Prompt ->
The entries are to be given back verbatim; no picture is to be copied.

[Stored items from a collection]
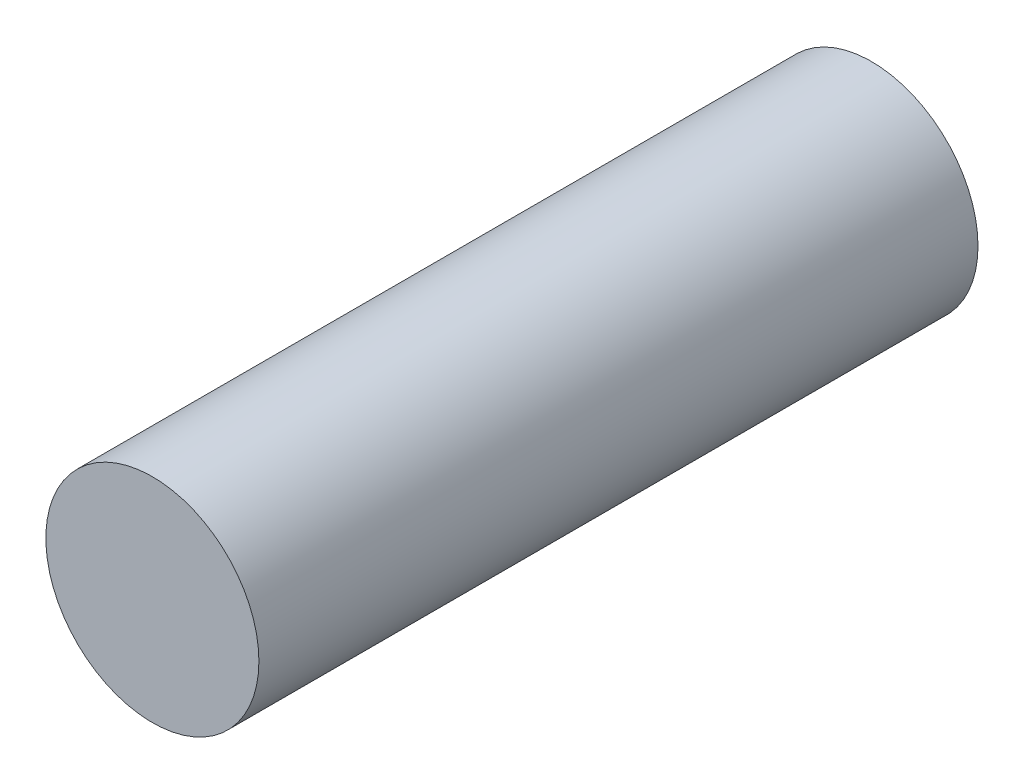
from build123d import *

# Parameters (mm, degrees)
SKETCH_1_R      = 2
EXTRUDE_1_DEPTH = 13.5


with BuildPart() as part:
    # 草图1 → 凸台-拉伸1 (new body)
    with BuildSketch(Plane.XY):
        Circle(SKETCH_1_R)
    extrude(amount=EXTRUDE_1_DEPTH)


solid = part.part

Your solution ->
from build123d import *

# Parameters (mm, degrees)
SKETCH_1_R      = 2
EXTRUDE_1_DEPTH = 13.5


with BuildPart() as part:
    # 草图1 → 凸台-拉伸1 (new body)
    with BuildSketch(Plane.XY):
        Circle(SKETCH_1_R)
    extrude(amount=EXTRUDE_1_DEPTH)


solid = part.part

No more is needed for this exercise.